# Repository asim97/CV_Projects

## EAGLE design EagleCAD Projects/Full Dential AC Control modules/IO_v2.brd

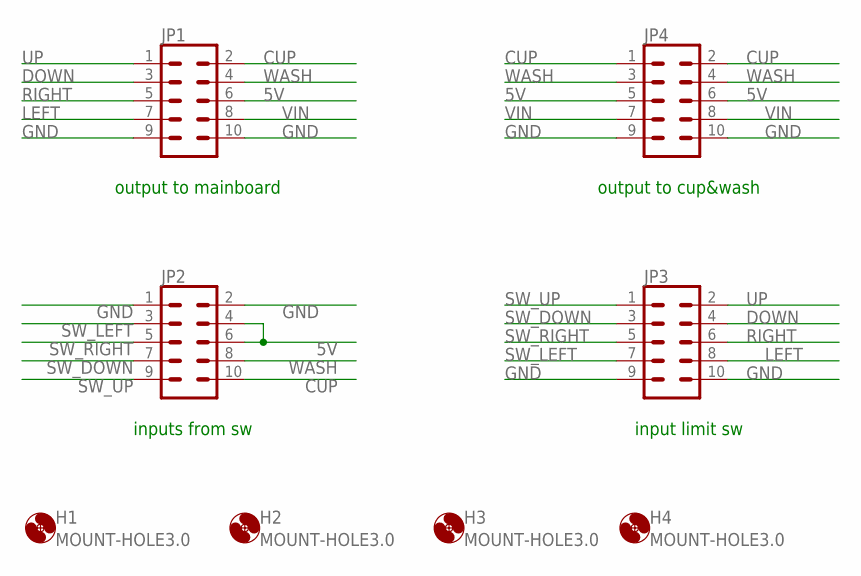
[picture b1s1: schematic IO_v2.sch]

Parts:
H1, H2, H3, H4: MOUNT-HOLE3.0; 3,0
JP1, JP2, JP3, JP4: CONN_05X2PTH; 2X5

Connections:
5V: JP1.6, JP2.4, JP2.6, JP4.5, JP4.6
CUP: JP1.2, JP2.10, JP4.1, JP4.2
DOWN: JP1.3, JP3.4
GND: JP1.9, JP1.10, JP2.1, JP2.2, JP3.9, JP3.10, JP4.9, JP4.10
LEFT: JP1.7, JP3.8
RIGHT: JP1.5, JP3.6
SW_DOWN: JP2.7, JP3.3
SW_LEFT: JP2.3, JP3.7
SW_RIGHT: JP2.5, JP3.5
SW_UP: JP2.9, JP3.1
UP: JP1.1, JP3.2
VIN: JP1.8, JP4.7, JP4.8
WASH: JP1.4, JP2.8, JP4.3, JP4.4

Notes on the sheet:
inputs from sw
output to mainboard
output to cup&wash
input limit sw

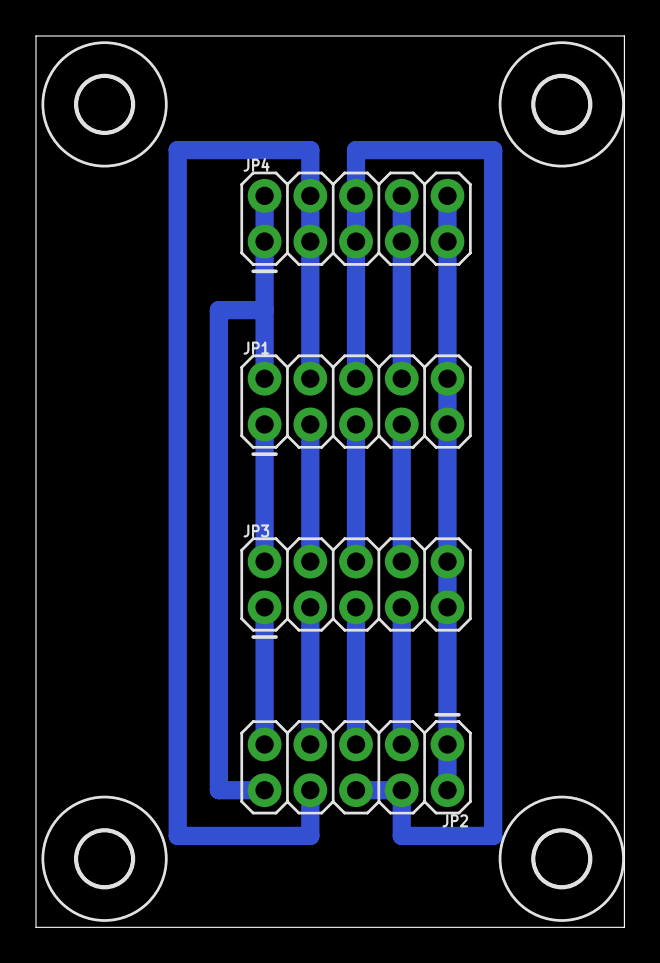
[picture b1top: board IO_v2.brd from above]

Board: 2 copper layers, 32.7 x 49.5 mm, 8 parts (0 on the bottom side), 13 nets.

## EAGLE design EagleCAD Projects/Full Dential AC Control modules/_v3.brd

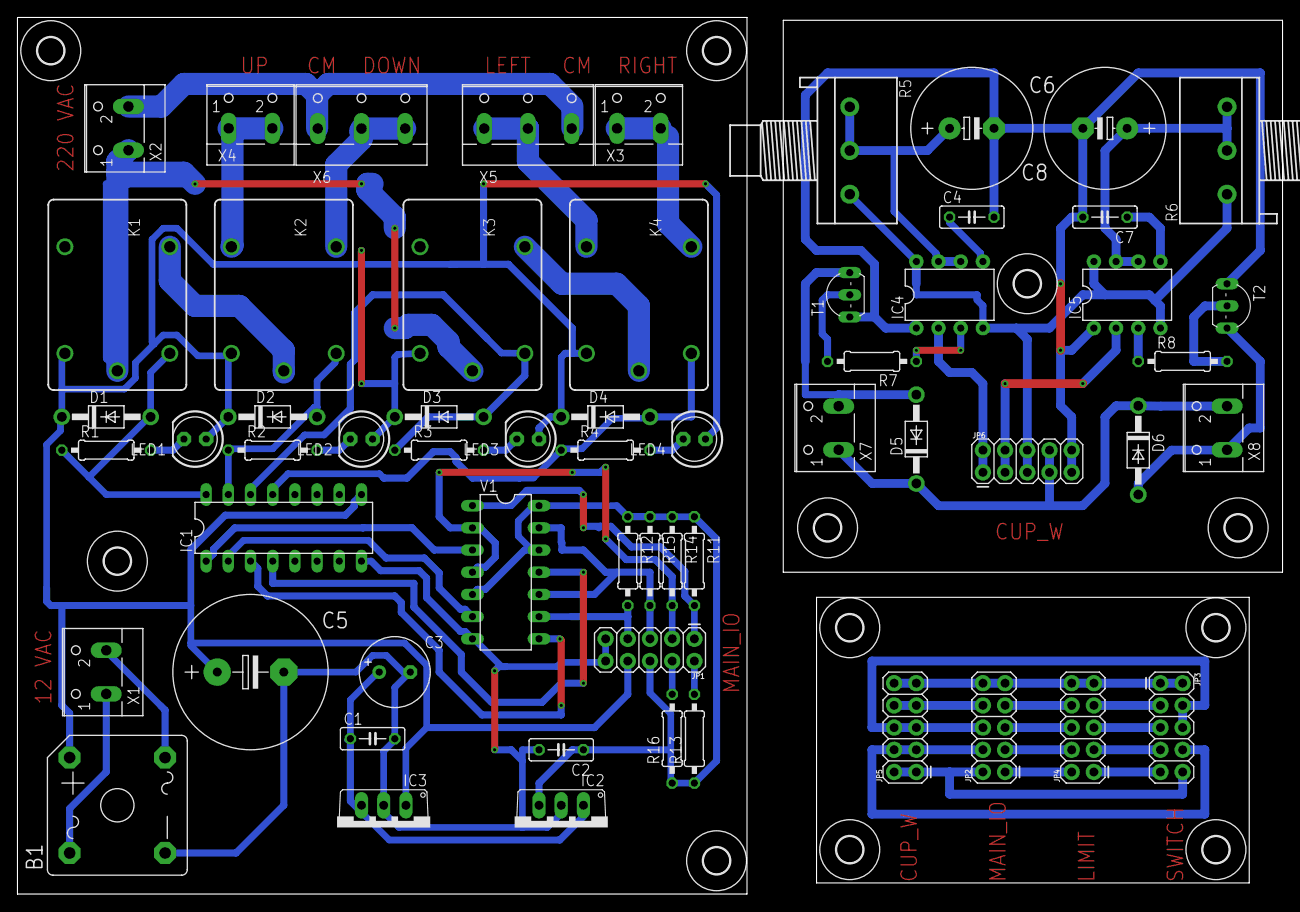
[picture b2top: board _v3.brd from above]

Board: 2 copper layers, 144.8 x 100.3 mm, 70 parts (0 on the bottom side), 60 nets.

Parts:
B1: GBPC6
C1, C2, C4, C7: 100nF; C050-025X075
C3: 10uF; E3,5-8
C5: 2200uF 50V; E7,5-18
C6, C8: 1000uF; E5-13
D1, D2, D3, D4, D5, D6: 1N4007; DO41-10
H1, H2, H3, H4, H5, H6, H7, H8, H9, H10, H11: MOUNT-HOLE3.0; 3,0
IC1: ULN2003AN; DIL16
IC2: 7805TV; TO220V
IC3: 7812TV; TO220V
IC4, IC5: NE555N; DIL08-ROUND
JP1, JP2, JP3, JP4, JP5, JP6: 2X5
K1, K2, K3, K4: JS-M1-12V-5; JS-M
LED1, LED2, LED3, LED4: LED5MM
R1, R2, R3, R4: 1K; 0207/10
R5, R6: 50K; 3RP/1610N
R7, R8: 1k; 0207/10
R11, R12, R13, R14, R15, R16: 10K; 0207/10
T1, T2: 2N2222; TO92-EBC-OVAL
V1: 7486N; DIL14
X1, X2, X3, X4, X7, X8: W237-102
X5, X6: W237-103

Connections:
5V: C2.1, IC2.3, JP1.6, R11.1, R12.1, R13.1, R14.1, R15.1, R16.1, V1.5, V1.12, V1.14
5V1: JP2.6, JP3.4, JP3.6, JP5.5, JP5.6
5V2: IC4.4, IC4.8, IC5.4, IC5.8, JP6.5, JP6.6, R5.3, R6.1
12V: C1.1, C3.+, IC2.1, IC3.3
AC1_12: B1.AC1, X1.1
AC1_220: K1.C, K3.C, X2.1
AC2_12: B1.AC2, X1.2
AC2_220: X2.2, X5.3, X6.1
CUP: JP1.2, R13.2
CUP1: JP2.2, JP3.10, JP5.1, JP5.2
CUP2: IC4.2, JP6.1, JP6.2
DOWN: JP1.3, R14.2, V1.2, V1.4
DOWN1: JP2.3, JP4.4
EN_M1: IC1.1, V1.3
EN_M1_REV: IC1.2, V1.6
EN_M2: IC1.3, V1.8
EN_M2_REV: IC1.4, V1.11
GND: B1.-, C1.2, C2.2, C3.-, C5.-, IC1.8, IC2.2, IC3.2, JP1.9, JP1.10, V1.7
GND1: JP2.9, JP2.10, JP3.1, JP3.2, JP4.9, JP4.10, JP5.9, JP5.10
GND2: C4.2, C6.-, C7.2, C8.-, IC4.1, IC5.1, JP6.9, JP6.10, T1.E, T2.E
LEFT: JP1.7, R12.2, V1.9
LEFT1: JP2.7, JP4.8
M1_DIR_EN: K1.NO, K2.C
M2_DIR_EN: K3.NO, K4.C
M_DOWN: K2.NO, X6.2, X6.3
M_LEFT: K4.NC, X5.1, X5.2
M_RIGHT: K4.NO, X3.1, X3.2
M_UP: K2.NC, X4.1, X4.2
unnamed: LED1.K, R1.2
unnamed: LED2.K, R2.2
unnamed: LED3.K, R3.2
unnamed: LED4.K, R4.2
unnamed: C4.1, IC4.5
unnamed: D5.A, T1.C, X7.2
unnamed: C7.1, IC5.5
unnamed: D6.A, T2.C, X8.1
unnamed: R7.2, T1.B
unnamed: R8.2, T2.B
OUT_CUP: IC4.3, R7.1
OUT_WASH: IC5.3, R8.1
REL_M1: D1.A, IC1.16, K1.1, R1.1
REL_M1_REV: D2.A, IC1.15, K2.1, R2.1
REL_M2: D3.A, IC1.14, K3.1, R3.1
REL_M2_REV: D4.A, IC1.13, K4.1, R4.1
RIGHT: JP1.5, R15.2, V1.10, V1.13
RIGHT1: JP2.5, JP4.6
SW_DOWN: JP3.7, JP4.3
SW_LEFT: JP3.3, JP4.7
SW_RIGHT: JP3.5, JP4.5
SW_UP: JP3.9, JP4.1
S_CUP: C6.+, IC4.6, IC4.7, R5.1, R5.2
S_WASH: C8.+, IC5.6, IC5.7, R6.2, R6.3
UP: JP1.1, R11.2, V1.1
UP1: JP2.1, JP4.2
VIN: B1.+, C5.+, D1.C, D2.C, D3.C, D4.C, IC1.9, IC3.1, JP1.8, K1.2, K2.2, K3.2, K4.2, LED1.A, LED2.A, LED3.A, LED4.A
VIN1: JP2.8, JP5.7, JP5.8
VIN2: D5.C, D6.C, JP6.7, JP6.8, X7.1, X8.2
WASH: JP1.4, R16.2
WASH1: JP2.4, JP3.8, JP5.3, JP5.4
WASH2: IC5.2, JP6.3, JP6.4

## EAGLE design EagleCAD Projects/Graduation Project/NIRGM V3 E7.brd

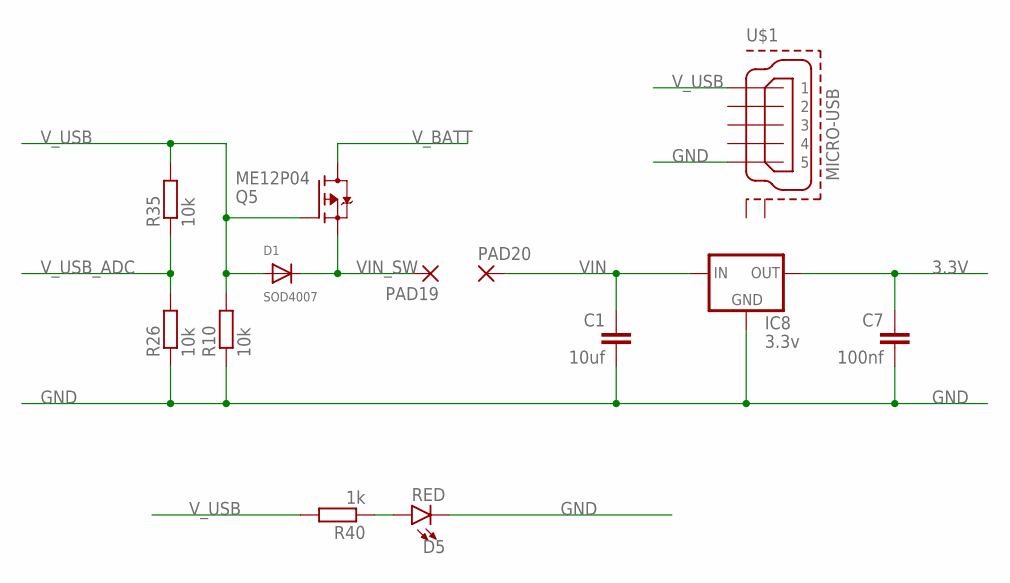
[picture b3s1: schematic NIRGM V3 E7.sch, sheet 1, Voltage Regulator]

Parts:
C1: 10uf; C1206K
C7: 100nf; C1206K
D1: SOD4007; SOD-123FL
D5: RED; LED-1206
IC8: 3.3v; TO252
PAD19, PAD20: SMD2; SMD1,27-2,54
Q5: ME12P04; TO252
R10, R26, R35: 10k; R1206
R40: 1k; R1206
U$1: MICRO-USB; 47589-0001

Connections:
3.3V: C7.1, IC8.3 (OUT); also elsewhere on the board
GND: C1.2, C7.2, D5.C, IC8.1 (GND), R10.1, R26.1, U$1.5; also elsewhere on the board
unnamed: D5.A, R40.1
VIN: C1.1, IC8.2 (IN), PAD20.1
VIN_SW: D1.C, PAD19.1, Q5.2 (S)
V_BATT: Q5.3 (D); also elsewhere on the board
V_USB: D1.A, Q5.1 (G), R10.2, R35.2, R40.2, U$1.1; also elsewhere on the board
V_USB_ADC: R26.2, R35.1; also elsewhere on the board

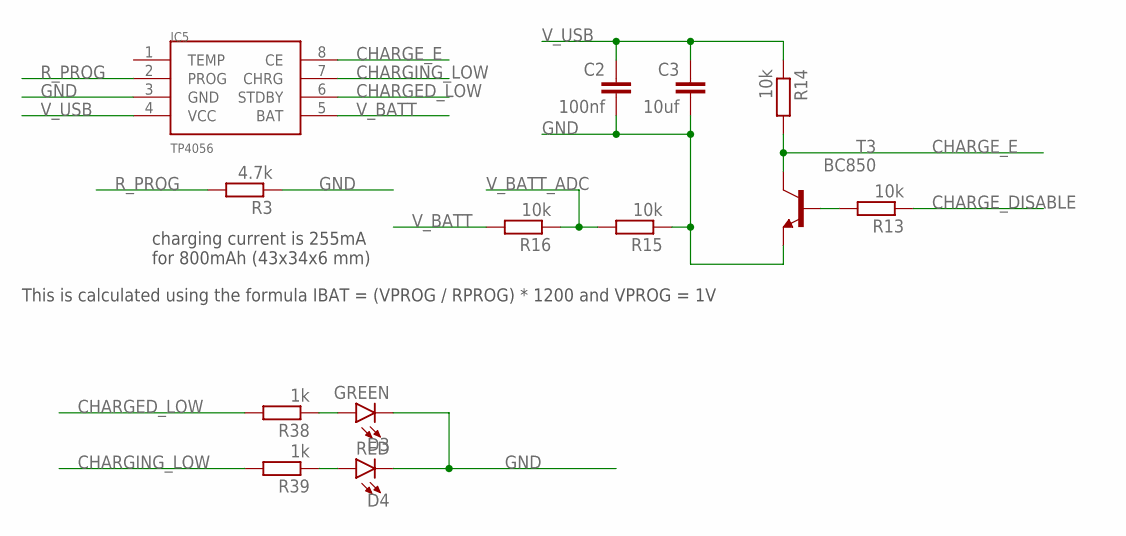
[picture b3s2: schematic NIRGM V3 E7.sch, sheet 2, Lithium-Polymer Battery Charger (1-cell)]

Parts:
C2: 100nf; C1206K
C3: 10uf; C1206K
D3: GREEN; LED-1206
D4: RED; LED-1206
IC5: TP4056; SOP-8
R3: 4.7k; R1206
R13, R14, R15, R16: 10k; R1206
R38, R39: 1k; R1206
T3: BC850; SOT23

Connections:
CHARGED_LOW: IC5.6 (STDBY), R38.2; also elsewhere on the board
CHARGE_DISABLE: R13.1; also elsewhere on the board
CHARGE_E: IC5.8 (CE), R14.2, T3.3 (C)
CHARGING_LOW: IC5.7 (CHRG), R39.2; also elsewhere on the board
GND: C2.2, C3.2, D3.C, D4.C, IC5.3 (GND), R3.1, R15.1, T3.2 (E); also elsewhere on the board
unnamed: D3.A, R38.1
unnamed: D4.A, R39.1
unnamed: R13.2, T3.1 (B)
R_PROG: IC5.2 (PROG), R3.2
V_BATT: IC5.5 (BAT), R16.2; also elsewhere on the board
V_BATT_ADC: R15.2, R16.1; also elsewhere on the board
V_USB: C2.1, C3.1, IC5.4 (VCC), R14.1; also elsewhere on the board

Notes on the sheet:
charging current is 255mA for 800mAh (43x34x6 mm)
This is calculated using the formula IBAT = (VPROG / RPROG) * 1200 and VPROG = 1V

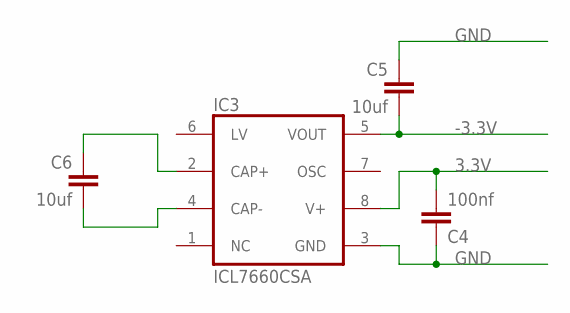
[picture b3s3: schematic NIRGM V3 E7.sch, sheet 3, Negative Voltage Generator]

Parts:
C4: 100nf; C1206K
C5, C6: 10uf; C1206K
IC3: ICL7660CSA; SO08

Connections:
3.3V: C4.2, IC3.8 (V+); also elsewhere on the board
-3.3V: C5.2, IC3.5 (VOUT); also elsewhere on the board
GND: C4.1, C5.1, IC3.3 (GND); also elsewhere on the board
unnamed: C6.1, IC3.2 (CAP+)
unnamed: C6.2, IC3.4 (CAP-)

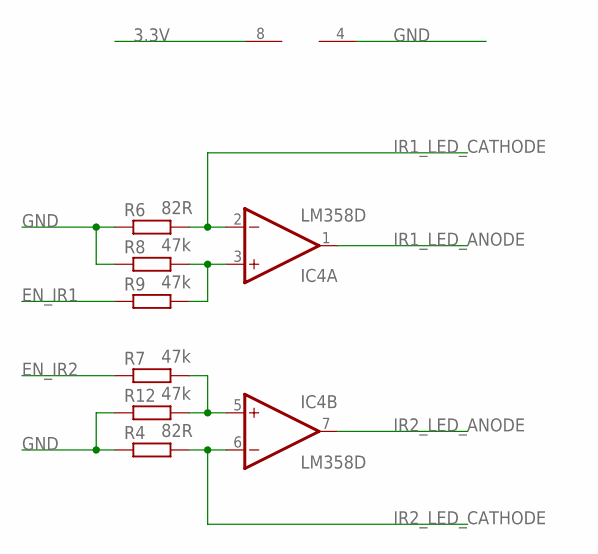
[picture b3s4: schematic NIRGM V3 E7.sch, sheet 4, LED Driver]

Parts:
IC4: LM358D; SO08
R4, R6: 82R; R1206
R7, R8, R9, R12: 47k; R1206

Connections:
3.3V: IC4.8 (V+); also elsewhere on the board
EN_IR1: R9.1; also elsewhere on the board
EN_IR2: R7.1; also elsewhere on the board
GND: IC4.4 (V-), R4.1, R6.1, R8.1, R12.1; also elsewhere on the board
IR1_LED_ANODE: IC4.1 (OUT); also elsewhere on the board
IR1_LED_CATHODE: IC4.2 (-IN), R6.2; also elsewhere on the board
IR2_LED_ANODE: IC4.7 (OUT); also elsewhere on the board
IR2_LED_CATHODE: IC4.6 (-IN), R4.2; also elsewhere on the board
unnamed: IC4.3 (+IN), R8.2, R9.2
unnamed: IC4.5 (+IN), R7.2, R12.2

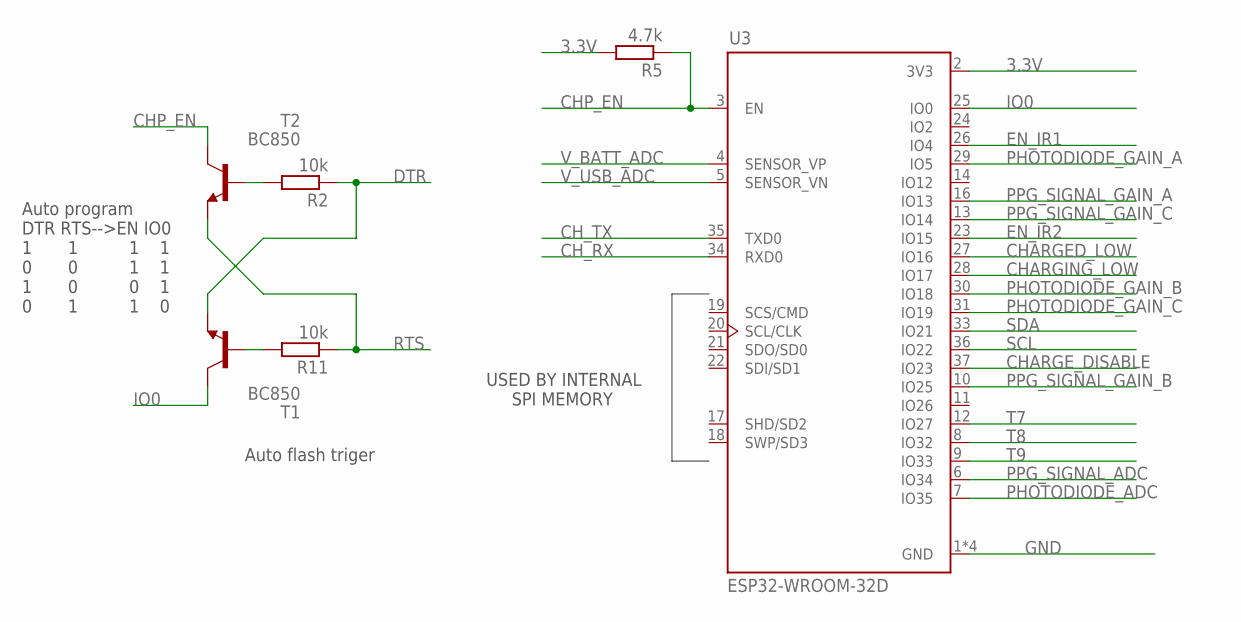
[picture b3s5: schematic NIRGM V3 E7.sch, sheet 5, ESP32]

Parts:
R2, R11: 10k; R1206
R5: 4.7k; R1206
T1, T2: BC850; SOT23
U3: ESP32-WROOM-32D; MODULE_ESP32-WROOM-32D

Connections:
3.3V: R5.2, U3.2 (3V3); also elsewhere on the board
CHARGED_LOW: U3.27 (IO16); also elsewhere on the board
CHARGE_DISABLE: U3.37 (IO23); also elsewhere on the board
CHARGING_LOW: U3.28 (IO17); also elsewhere on the board
CHP_EN: R5.1, T2.3 (C), U3.3 (EN)
CH_RX: U3.34 (RXD0); also elsewhere on the board
CH_TX: U3.35 (TXD0); also elsewhere on the board
DTR: R2.1, T1.2 (E); also elsewhere on the board
EN_IR1: U3.26 (IO4); also elsewhere on the board
EN_IR2: U3.23 (IO15); also elsewhere on the board
GND: U3.1 (GND), U3.15 (GND), U3.38 (GND), U3.39 (GND); also elsewhere on the board
IO0: T1.3 (C), U3.25 (IO0)
unnamed: R11.2, T1.1 (B)
unnamed: R2.2, T2.1 (B)
PHOTODIODE_ADC: U3.7 (IO35); also elsewhere on the board
PHOTODIODE_GAIN_A: U3.29 (IO5); also elsewhere on the board
PHOTODIODE_GAIN_B: U3.30 (IO18); also elsewhere on the board
PHOTODIODE_GAIN_C: U3.31 (IO19); also elsewhere on the board
PPG_SIGNAL_ADC: U3.6 (IO34); also elsewhere on the board
PPG_SIGNAL_GAIN_A: U3.16 (IO13); also elsewhere on the board
PPG_SIGNAL_GAIN_B: U3.10 (IO25); also elsewhere on the board
PPG_SIGNAL_GAIN_C: U3.13 (IO14); also elsewhere on the board
RTS: R11.1, T2.2 (E); also elsewhere on the board
SCL: U3.36 (IO22); also elsewhere on the board
SDA: U3.33 (IO21); also elsewhere on the board
T7: U3.12 (IO27); also elsewhere on the board
T8: U3.8 (IO32); also elsewhere on the board
T9: U3.9 (IO33); also elsewhere on the board
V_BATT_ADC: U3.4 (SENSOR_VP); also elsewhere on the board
::::::::::
WHAT THE TASK REQUIRES:
Leave out any pictures, please, and quote only the lines from the top of the data through the line that contains "5V: JP1.6, JP2.4, JP2.6, JP4.5, JP4.6".

OUTPUT FOR THIS EXERCISE:
# Repository asim97/CV_Projects

## EAGLE design EagleCAD Projects/Full Dential AC Control modules/IO_v2.brd

[picture b1s1: schematic IO_v2.sch]

Parts:
H1, H2, H3, H4: MOUNT-HOLE3.0; 3,0
JP1, JP2, JP3, JP4: CONN_05X2PTH; 2X5

Connections:
5V: JP1.6, JP2.4, JP2.6, JP4.5, JP4.6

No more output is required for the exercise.